— Task to carry out —
Could you say how many lines below contain the word "color"? Give the number with no other text.

**** Dataset records ****

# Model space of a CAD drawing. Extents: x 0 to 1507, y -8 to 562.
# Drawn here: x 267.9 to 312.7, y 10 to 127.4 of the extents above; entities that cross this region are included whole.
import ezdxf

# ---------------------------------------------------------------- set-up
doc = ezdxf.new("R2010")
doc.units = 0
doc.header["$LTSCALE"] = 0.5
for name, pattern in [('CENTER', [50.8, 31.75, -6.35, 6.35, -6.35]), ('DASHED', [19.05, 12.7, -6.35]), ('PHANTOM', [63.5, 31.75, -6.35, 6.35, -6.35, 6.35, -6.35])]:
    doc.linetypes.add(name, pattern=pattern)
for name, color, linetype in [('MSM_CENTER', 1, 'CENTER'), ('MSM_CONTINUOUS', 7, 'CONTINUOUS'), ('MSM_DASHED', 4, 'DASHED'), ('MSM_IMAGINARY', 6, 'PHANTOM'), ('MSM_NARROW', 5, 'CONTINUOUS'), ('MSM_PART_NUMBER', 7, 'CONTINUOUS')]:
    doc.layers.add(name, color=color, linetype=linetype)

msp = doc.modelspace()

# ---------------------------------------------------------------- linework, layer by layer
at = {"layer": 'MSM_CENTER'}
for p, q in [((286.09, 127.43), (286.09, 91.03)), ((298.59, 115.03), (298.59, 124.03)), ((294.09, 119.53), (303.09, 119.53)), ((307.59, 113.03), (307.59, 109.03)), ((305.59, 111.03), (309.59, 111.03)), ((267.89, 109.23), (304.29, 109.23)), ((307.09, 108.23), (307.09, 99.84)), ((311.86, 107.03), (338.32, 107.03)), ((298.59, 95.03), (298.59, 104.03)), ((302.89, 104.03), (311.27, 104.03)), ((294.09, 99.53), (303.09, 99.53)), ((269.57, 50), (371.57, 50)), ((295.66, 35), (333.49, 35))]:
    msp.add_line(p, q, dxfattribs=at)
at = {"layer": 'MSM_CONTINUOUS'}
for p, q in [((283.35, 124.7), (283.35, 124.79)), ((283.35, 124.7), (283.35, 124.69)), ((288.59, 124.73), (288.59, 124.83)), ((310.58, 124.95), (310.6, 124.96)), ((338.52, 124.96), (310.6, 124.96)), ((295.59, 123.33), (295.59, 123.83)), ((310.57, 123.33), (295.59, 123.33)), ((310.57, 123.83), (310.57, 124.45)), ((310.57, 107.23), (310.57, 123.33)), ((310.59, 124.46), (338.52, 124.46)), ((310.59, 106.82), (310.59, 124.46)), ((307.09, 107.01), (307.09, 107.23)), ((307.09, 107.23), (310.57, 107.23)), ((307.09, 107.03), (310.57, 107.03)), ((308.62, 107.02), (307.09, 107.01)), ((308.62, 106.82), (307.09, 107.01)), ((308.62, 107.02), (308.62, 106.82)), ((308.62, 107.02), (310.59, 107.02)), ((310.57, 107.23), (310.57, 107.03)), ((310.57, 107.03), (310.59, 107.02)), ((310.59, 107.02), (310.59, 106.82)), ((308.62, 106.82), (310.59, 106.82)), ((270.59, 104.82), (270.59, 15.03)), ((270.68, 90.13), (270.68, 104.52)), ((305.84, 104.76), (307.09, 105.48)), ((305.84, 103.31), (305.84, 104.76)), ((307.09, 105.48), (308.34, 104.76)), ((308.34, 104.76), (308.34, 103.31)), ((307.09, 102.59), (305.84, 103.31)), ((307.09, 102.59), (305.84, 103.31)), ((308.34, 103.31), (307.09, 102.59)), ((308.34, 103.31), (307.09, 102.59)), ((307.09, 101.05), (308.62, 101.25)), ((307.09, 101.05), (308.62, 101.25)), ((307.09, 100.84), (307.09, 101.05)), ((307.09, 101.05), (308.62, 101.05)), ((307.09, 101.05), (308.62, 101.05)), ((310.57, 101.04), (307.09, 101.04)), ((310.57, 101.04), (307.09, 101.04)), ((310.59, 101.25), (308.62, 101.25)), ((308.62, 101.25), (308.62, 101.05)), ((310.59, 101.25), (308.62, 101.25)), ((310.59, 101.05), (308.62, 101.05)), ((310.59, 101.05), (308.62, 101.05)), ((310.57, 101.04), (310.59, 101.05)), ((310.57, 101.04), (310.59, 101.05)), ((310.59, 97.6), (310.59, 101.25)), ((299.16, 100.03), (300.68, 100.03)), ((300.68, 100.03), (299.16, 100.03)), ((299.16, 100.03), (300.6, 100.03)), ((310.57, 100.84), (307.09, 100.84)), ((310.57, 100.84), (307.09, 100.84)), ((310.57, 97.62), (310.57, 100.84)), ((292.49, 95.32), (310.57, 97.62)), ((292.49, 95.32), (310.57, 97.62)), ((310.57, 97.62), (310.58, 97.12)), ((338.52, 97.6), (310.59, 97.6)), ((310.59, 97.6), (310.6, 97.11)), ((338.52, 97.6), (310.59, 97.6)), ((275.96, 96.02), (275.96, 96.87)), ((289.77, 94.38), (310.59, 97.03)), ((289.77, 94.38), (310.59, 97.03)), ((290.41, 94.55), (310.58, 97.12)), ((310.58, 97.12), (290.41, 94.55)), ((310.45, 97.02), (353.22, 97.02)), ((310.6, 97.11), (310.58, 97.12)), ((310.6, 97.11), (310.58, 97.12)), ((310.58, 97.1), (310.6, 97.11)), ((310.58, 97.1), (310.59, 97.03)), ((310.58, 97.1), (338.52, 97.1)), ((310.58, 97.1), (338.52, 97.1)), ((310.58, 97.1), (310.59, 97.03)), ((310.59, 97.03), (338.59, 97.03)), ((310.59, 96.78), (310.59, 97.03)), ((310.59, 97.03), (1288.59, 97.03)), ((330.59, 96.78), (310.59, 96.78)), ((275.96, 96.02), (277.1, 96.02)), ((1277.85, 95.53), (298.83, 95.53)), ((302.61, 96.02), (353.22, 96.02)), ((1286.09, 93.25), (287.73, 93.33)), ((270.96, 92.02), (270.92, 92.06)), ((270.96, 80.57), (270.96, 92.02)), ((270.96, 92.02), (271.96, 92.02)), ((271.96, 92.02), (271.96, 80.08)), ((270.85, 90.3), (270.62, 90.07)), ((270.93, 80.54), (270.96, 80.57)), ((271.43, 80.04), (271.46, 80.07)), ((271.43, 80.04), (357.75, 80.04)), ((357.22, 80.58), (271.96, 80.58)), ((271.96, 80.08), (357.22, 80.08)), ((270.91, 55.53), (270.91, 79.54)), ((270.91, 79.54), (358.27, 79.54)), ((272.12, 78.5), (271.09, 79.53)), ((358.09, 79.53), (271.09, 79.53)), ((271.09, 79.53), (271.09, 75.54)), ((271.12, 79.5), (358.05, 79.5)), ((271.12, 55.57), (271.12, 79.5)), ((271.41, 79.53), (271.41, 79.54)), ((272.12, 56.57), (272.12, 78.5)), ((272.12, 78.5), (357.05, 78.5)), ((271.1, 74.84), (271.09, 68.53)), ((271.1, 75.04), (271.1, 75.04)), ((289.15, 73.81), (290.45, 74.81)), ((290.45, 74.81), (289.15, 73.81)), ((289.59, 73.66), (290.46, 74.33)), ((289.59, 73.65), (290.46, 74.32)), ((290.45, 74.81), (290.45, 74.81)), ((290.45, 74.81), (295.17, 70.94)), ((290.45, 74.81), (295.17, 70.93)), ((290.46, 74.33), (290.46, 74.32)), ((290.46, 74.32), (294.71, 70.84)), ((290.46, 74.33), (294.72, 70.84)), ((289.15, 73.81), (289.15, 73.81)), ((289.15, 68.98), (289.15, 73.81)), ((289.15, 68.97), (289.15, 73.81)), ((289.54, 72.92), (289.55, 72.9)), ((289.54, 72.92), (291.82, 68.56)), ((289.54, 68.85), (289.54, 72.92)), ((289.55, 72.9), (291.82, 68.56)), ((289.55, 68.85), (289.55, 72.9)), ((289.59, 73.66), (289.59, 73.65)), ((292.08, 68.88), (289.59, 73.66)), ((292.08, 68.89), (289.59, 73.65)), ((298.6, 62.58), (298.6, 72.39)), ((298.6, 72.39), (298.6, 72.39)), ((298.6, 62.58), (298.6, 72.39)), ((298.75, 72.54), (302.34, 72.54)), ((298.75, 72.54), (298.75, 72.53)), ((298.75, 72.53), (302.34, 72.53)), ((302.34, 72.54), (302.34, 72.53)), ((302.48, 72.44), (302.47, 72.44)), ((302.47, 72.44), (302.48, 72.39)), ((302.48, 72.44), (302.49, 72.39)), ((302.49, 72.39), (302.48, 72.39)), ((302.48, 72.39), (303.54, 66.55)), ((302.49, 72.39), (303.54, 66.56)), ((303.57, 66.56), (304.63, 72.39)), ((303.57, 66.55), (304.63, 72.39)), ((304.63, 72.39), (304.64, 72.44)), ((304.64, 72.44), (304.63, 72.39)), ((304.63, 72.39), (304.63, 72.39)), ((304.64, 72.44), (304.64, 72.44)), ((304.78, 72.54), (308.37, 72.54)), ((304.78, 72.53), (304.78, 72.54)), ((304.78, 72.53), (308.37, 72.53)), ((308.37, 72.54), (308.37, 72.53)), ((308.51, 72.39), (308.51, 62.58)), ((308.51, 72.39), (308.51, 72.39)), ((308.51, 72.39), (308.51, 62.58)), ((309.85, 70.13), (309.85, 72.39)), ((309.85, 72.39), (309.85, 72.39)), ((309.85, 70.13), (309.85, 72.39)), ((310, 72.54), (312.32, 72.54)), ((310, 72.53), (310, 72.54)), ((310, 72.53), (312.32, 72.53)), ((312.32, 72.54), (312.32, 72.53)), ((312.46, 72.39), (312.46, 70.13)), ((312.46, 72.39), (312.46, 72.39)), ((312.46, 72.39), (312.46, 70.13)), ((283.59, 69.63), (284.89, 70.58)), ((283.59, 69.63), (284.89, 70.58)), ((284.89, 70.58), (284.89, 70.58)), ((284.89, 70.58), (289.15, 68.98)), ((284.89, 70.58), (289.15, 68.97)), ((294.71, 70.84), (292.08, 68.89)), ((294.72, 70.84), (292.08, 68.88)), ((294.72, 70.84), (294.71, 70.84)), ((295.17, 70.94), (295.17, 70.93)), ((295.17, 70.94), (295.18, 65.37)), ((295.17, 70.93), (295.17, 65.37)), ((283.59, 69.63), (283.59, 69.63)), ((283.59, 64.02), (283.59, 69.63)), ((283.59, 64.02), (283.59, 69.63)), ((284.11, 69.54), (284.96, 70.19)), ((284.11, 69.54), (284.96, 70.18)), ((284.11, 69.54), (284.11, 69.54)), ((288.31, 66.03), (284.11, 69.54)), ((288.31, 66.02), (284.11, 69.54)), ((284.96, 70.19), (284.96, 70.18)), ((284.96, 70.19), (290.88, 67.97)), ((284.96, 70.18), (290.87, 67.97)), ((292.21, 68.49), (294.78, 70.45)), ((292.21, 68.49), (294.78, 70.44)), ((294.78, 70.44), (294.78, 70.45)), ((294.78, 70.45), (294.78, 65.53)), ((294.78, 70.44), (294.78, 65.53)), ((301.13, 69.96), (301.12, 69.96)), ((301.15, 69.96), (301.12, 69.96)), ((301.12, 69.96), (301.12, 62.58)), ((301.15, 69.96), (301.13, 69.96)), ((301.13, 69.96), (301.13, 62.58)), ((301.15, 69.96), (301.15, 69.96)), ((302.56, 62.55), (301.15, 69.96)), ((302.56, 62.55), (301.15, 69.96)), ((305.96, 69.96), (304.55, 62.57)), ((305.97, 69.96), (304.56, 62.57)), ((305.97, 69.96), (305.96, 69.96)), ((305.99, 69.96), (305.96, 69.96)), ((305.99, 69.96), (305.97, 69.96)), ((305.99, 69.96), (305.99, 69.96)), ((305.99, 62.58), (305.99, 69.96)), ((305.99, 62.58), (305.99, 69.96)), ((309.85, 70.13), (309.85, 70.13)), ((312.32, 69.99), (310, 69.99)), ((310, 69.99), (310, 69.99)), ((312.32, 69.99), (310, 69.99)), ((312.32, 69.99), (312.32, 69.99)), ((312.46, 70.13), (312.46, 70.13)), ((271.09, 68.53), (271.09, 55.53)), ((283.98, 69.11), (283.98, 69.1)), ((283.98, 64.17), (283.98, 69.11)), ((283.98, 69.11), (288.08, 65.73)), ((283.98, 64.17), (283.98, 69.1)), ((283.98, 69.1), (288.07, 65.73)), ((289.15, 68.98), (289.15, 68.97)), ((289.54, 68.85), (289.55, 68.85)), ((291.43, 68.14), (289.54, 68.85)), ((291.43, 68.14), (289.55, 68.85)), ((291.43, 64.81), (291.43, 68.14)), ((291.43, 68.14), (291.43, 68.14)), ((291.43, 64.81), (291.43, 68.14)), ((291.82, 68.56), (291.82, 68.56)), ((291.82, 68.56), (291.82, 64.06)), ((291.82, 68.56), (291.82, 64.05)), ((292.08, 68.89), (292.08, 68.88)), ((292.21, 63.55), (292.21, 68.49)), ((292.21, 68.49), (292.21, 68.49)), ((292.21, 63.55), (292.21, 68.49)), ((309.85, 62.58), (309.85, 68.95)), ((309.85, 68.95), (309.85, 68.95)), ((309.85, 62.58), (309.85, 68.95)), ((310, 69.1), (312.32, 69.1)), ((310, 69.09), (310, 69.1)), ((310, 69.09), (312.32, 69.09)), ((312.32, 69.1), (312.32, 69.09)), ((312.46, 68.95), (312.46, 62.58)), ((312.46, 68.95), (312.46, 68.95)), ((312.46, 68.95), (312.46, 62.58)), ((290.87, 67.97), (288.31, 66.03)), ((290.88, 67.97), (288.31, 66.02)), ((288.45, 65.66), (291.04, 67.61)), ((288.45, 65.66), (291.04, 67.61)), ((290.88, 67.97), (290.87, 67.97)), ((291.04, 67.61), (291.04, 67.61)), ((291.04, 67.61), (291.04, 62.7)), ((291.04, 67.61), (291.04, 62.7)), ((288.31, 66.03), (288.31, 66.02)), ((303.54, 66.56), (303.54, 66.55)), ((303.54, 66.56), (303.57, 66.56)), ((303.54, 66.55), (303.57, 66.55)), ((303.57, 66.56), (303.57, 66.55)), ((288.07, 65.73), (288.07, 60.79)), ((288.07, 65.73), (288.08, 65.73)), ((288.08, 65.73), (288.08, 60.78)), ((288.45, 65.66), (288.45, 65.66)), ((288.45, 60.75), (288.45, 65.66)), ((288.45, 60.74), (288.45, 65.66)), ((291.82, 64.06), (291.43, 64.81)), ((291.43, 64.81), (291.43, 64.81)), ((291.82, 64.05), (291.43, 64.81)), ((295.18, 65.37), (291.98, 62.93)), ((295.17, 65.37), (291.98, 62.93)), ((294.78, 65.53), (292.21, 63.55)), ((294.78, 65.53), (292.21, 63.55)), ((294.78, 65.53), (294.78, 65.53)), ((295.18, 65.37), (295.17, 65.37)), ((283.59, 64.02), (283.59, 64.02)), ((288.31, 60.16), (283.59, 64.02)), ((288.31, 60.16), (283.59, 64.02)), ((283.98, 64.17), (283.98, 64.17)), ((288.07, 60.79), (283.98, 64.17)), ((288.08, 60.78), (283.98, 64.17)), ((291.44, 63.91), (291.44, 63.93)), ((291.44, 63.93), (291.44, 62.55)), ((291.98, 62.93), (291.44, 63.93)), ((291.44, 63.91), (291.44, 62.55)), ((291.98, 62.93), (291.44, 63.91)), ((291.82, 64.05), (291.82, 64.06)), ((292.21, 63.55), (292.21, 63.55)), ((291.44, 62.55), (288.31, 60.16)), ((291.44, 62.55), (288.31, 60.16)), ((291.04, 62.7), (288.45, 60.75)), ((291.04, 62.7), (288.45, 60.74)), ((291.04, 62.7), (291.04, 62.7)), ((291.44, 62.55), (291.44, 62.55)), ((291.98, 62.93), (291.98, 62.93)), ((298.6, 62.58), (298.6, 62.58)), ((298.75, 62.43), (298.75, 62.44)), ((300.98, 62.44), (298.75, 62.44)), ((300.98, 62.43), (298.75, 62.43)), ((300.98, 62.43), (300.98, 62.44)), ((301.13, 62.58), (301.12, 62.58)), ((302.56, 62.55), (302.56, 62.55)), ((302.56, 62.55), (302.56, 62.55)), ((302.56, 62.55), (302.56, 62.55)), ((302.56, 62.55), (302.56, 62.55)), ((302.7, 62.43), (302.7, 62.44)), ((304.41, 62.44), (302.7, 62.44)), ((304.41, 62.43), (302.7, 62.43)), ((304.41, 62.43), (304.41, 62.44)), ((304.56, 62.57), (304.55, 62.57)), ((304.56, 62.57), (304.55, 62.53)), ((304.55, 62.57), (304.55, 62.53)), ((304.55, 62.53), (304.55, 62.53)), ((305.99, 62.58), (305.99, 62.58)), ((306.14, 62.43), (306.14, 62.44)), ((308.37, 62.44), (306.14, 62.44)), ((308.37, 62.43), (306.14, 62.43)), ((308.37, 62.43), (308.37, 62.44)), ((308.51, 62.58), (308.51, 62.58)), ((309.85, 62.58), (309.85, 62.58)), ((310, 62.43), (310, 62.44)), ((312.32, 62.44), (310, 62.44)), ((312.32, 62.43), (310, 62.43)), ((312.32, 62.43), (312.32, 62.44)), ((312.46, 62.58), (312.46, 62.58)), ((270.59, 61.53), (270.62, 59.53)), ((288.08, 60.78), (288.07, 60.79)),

****

— Problem solution —
2